ACTIVITY:
Within the entries below, output exactly the lines between the line containing "# F10 (size" and the line containing "F11_SIZE = 5", inclusive, and omit any picture.

SOURCE DATA:

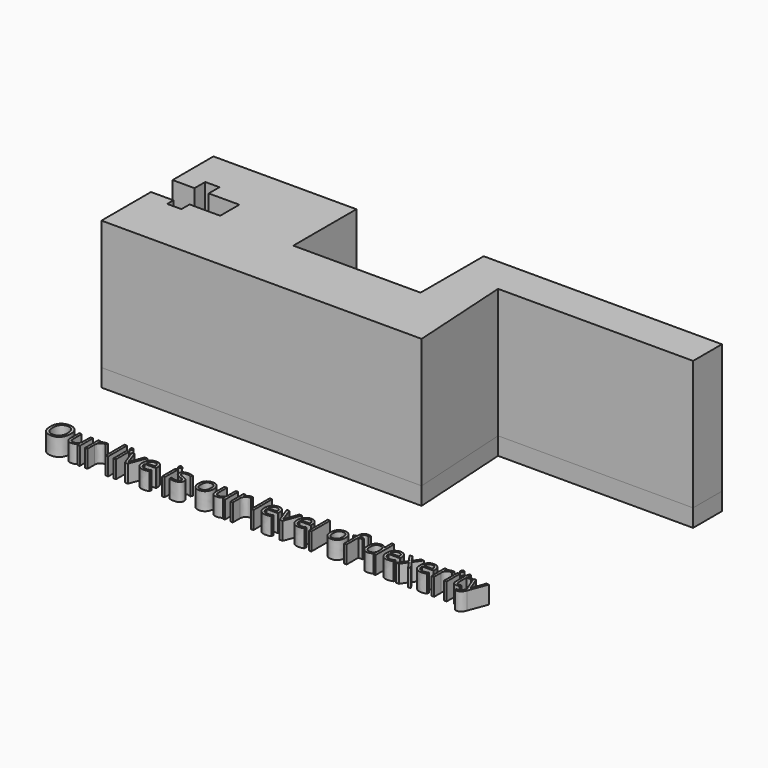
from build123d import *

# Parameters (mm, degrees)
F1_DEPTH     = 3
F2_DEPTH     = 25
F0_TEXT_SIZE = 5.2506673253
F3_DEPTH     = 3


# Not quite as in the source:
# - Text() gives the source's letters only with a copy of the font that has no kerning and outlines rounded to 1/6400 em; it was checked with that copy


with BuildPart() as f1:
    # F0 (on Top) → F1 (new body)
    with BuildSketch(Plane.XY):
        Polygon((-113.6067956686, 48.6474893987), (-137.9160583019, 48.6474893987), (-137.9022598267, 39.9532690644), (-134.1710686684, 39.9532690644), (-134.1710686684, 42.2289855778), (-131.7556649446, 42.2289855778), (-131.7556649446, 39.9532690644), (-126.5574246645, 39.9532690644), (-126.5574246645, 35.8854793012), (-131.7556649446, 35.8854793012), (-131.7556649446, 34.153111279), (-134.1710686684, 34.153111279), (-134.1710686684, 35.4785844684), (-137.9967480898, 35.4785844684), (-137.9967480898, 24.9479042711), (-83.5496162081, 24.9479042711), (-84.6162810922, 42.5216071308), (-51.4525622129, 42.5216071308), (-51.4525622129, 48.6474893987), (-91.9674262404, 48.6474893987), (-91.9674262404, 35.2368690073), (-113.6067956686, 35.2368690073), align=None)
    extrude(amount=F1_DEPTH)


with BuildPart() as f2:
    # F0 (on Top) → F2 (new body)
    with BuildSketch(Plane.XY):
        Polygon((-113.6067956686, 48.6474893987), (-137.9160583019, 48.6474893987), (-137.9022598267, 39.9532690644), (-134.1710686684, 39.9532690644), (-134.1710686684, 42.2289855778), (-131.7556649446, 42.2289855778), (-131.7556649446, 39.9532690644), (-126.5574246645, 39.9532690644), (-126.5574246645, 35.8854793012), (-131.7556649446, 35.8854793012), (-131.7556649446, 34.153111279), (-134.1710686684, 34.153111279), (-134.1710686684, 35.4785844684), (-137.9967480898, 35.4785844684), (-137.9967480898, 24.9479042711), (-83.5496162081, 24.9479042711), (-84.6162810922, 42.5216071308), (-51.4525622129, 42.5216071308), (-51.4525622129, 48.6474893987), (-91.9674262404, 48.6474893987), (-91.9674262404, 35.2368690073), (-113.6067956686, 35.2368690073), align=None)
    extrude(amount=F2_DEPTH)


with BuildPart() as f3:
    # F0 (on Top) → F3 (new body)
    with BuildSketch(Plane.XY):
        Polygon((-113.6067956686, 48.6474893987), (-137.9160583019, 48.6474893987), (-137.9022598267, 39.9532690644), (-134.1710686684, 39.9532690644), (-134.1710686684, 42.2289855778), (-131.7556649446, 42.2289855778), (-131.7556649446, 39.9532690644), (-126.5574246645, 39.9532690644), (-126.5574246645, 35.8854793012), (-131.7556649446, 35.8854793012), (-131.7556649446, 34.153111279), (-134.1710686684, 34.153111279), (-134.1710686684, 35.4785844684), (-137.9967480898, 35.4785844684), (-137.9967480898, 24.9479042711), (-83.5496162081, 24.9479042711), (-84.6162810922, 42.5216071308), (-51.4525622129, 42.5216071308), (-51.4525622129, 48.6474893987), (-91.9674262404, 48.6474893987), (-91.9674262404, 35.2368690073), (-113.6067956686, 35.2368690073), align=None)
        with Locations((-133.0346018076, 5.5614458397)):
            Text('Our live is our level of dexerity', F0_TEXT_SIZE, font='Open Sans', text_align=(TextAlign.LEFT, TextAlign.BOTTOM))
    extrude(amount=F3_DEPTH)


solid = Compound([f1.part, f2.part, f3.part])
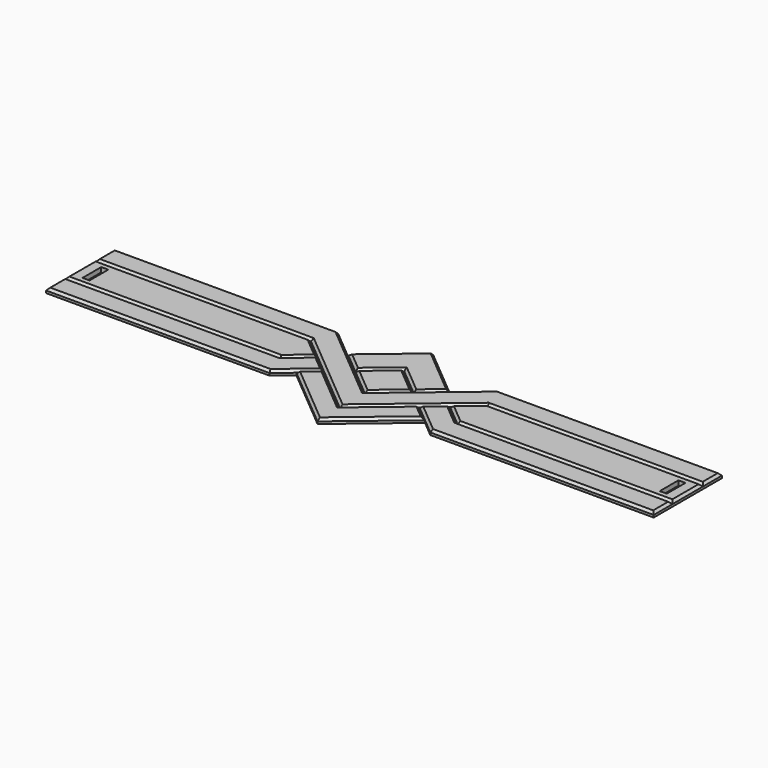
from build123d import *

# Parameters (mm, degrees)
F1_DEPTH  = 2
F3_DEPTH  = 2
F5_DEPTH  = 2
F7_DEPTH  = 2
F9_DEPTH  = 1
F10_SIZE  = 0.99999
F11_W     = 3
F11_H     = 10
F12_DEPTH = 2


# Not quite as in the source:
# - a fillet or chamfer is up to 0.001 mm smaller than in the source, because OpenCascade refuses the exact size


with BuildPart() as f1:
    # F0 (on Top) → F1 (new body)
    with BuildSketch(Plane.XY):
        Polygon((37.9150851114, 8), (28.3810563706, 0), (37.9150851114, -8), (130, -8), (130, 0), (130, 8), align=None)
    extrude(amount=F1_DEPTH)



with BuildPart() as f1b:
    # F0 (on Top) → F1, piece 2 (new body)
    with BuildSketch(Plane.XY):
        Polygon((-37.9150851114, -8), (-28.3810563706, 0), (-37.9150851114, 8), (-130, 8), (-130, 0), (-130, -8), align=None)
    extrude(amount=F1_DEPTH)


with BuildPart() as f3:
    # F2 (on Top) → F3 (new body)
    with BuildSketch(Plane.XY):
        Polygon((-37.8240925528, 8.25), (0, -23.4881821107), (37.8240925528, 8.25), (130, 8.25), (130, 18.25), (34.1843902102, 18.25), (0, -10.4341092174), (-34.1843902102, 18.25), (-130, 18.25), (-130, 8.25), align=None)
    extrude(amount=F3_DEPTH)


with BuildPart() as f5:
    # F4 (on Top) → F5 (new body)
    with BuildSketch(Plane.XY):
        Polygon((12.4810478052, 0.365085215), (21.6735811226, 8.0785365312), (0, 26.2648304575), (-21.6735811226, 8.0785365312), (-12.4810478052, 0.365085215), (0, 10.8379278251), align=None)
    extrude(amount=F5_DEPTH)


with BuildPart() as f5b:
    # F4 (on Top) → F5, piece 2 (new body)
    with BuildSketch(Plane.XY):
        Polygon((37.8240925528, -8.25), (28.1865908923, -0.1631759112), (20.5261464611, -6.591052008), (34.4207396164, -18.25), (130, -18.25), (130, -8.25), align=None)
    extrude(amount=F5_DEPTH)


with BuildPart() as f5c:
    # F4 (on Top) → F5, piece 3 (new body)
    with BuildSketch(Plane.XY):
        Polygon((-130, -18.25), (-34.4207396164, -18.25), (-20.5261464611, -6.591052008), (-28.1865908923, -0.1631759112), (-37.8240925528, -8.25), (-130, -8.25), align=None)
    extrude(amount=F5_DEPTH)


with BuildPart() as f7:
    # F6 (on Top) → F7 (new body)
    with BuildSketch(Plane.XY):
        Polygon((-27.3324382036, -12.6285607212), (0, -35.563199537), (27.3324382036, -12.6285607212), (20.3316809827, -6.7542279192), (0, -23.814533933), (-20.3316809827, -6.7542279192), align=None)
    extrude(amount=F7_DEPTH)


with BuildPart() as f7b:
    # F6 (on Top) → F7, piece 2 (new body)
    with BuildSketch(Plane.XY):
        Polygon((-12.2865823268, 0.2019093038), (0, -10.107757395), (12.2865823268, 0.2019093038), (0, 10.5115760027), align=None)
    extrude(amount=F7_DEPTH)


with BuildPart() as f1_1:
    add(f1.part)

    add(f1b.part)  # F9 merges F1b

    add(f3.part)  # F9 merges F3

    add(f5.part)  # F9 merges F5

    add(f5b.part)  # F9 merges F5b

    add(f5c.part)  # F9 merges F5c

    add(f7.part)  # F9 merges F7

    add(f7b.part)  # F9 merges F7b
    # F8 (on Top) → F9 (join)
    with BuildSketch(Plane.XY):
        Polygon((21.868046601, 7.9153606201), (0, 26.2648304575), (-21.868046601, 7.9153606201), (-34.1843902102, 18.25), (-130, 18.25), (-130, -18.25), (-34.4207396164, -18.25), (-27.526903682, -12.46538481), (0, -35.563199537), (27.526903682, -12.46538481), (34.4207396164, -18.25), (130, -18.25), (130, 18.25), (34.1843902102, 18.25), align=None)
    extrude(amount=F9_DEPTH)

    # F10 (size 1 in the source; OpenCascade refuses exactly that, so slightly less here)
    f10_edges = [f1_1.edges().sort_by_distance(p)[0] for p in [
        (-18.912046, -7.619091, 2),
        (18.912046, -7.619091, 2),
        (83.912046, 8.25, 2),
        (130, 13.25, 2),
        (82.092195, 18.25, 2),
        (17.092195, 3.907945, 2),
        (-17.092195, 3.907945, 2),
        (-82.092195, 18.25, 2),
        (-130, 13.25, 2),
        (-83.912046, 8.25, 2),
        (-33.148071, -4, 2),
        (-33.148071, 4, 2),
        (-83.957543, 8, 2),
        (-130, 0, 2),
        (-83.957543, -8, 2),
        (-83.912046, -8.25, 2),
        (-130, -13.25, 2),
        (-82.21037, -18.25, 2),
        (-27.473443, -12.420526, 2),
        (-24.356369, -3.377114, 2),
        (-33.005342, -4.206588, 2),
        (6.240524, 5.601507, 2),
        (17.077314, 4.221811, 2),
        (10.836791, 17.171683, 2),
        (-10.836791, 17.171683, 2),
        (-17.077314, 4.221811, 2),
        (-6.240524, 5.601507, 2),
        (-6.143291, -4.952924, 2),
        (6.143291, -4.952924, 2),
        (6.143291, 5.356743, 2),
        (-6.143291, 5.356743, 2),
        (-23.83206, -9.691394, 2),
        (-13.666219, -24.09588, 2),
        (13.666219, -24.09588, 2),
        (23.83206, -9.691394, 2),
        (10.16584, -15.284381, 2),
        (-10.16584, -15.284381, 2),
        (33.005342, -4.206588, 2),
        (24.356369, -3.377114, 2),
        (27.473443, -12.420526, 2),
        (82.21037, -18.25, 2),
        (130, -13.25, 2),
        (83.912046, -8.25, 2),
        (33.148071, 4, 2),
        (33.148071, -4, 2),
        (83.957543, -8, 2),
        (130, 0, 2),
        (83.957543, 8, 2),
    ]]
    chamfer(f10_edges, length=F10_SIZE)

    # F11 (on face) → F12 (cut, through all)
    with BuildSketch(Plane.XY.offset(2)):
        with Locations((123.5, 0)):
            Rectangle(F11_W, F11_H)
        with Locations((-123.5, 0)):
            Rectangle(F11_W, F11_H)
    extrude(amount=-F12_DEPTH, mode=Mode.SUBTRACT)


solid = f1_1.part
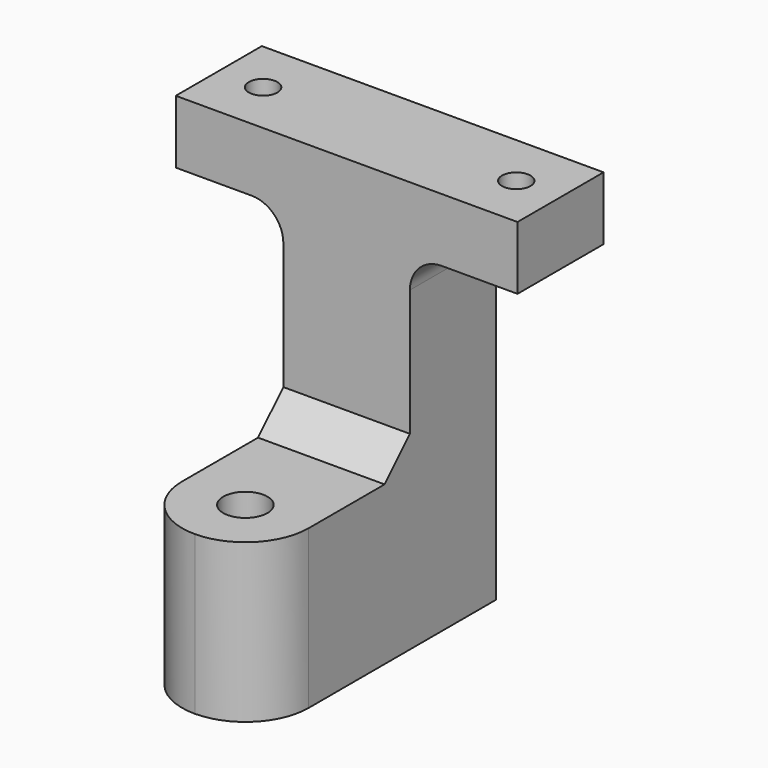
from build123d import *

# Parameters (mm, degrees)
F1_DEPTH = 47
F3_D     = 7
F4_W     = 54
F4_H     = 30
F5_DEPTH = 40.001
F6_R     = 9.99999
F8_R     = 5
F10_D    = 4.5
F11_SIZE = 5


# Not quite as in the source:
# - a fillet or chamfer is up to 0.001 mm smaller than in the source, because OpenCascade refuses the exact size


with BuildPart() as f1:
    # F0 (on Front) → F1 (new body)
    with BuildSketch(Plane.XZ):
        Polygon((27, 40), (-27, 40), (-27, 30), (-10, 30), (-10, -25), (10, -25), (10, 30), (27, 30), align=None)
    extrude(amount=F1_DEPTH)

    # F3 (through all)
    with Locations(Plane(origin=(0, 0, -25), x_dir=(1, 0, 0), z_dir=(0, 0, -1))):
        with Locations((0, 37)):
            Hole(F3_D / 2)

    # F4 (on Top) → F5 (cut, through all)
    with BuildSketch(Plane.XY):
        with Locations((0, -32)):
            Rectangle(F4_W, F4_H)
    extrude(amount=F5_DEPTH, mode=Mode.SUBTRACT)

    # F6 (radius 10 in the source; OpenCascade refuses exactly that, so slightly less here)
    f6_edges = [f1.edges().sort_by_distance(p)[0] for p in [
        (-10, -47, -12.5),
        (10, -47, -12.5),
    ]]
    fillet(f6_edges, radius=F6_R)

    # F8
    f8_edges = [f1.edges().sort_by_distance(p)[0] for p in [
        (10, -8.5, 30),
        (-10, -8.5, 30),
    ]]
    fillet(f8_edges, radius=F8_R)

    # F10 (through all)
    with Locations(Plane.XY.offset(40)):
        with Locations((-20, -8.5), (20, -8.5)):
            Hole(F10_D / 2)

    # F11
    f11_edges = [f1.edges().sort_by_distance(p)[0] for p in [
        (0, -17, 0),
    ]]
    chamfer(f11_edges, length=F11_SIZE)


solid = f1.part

YOUR SOLUTION:
    # F10 (size 1 in the source; OpenCascade refuses exactly that, so slightly less here)
    f10_edges = [f1_1.edges().sort_by_distance(p)[0] for p in [
        (-18.912046, -7.619091, 2),
        (18.912046, -7.619091, 2),
        (83.912046, 8.25, 2),
        (130, 13.25, 2),
        (82.092195, 18.25, 2),
        (17.092195, 3.907945, 2),
        (-17.092195, 3.907945, 2),
        (-82.092195, 18.25, 2),
        (-130, 13.25, 2),
        (-83.912046, 8.25, 2),
        (-33.148071, -4, 2),
        (-33.148071, 4, 2),
        (-83.957543, 8, 2),
        (-130, 0, 2),
        (-83.957543, -8, 2),
        (-83.912046, -8.25, 2),
        (-130, -13.25, 2),
        (-82.21037, -18.25, 2),
        (-27.473443, -12.420526, 2),
        (-24.356369, -3.377114, 2),
        (-33.005342, -4.206588, 2),
        (6.240524, 5.601507, 2),
        (17.077314, 4.221811, 2),
        (10.836791, 17.171683, 2),
        (-10.836791, 17.171683, 2),
        (-17.077314, 4.221811, 2),
        (-6.240524, 5.601507, 2),
        (-6.143291, -4.952924, 2),
        (6.143291, -4.952924, 2),
        (6.143291, 5.356743, 2),
        (-6.143291, 5.356743, 2),
        (-23.83206, -9.691394, 2),
        (-13.666219, -24.09588, 2),
        (13.666219, -24.09588, 2),
        (23.83206, -9.691394, 2),
        (10.16584, -15.284381, 2),
        (-10.16584, -15.284381, 2),
        (33.005342, -4.206588, 2),
        (24.356369, -3.377114, 2),
        (27.473443, -12.420526, 2),
        (82.21037, -18.25, 2),
        (130, -13.25, 2),
        (83.912046, -8.25, 2),
        (33.148071, 4, 2),
        (33.148071, -4, 2),
        (83.957543, -8, 2),
        (130, 0, 2),
        (83.957543, 8, 2),
    ]]
    chamfer(f10_edges, length=F10_SIZE)

    # F11 (on face) → F12 (cut, through all)
    with BuildSketch(Plane.XY.offset(2)):
        with Locations((123.5, 0)):
            Rectangle(F11_W, F11_H)
        with Locations((-123.5, 0)):
            Rectangle(F11_W, F11_H)
    extrude(amount=-F12_DEPTH, mode=Mode.SUBTRACT)


solid = f1_1.part
from build123d import *

# Parameters (mm, degrees)
F1_DEPTH = 47
F3_D     = 7
F4_W     = 54
F4_H     = 30
F5_DEPTH = 40.001
F6_R     = 9.99999
F8_R     = 5
F10_D    = 4.5
F11_SIZE = 5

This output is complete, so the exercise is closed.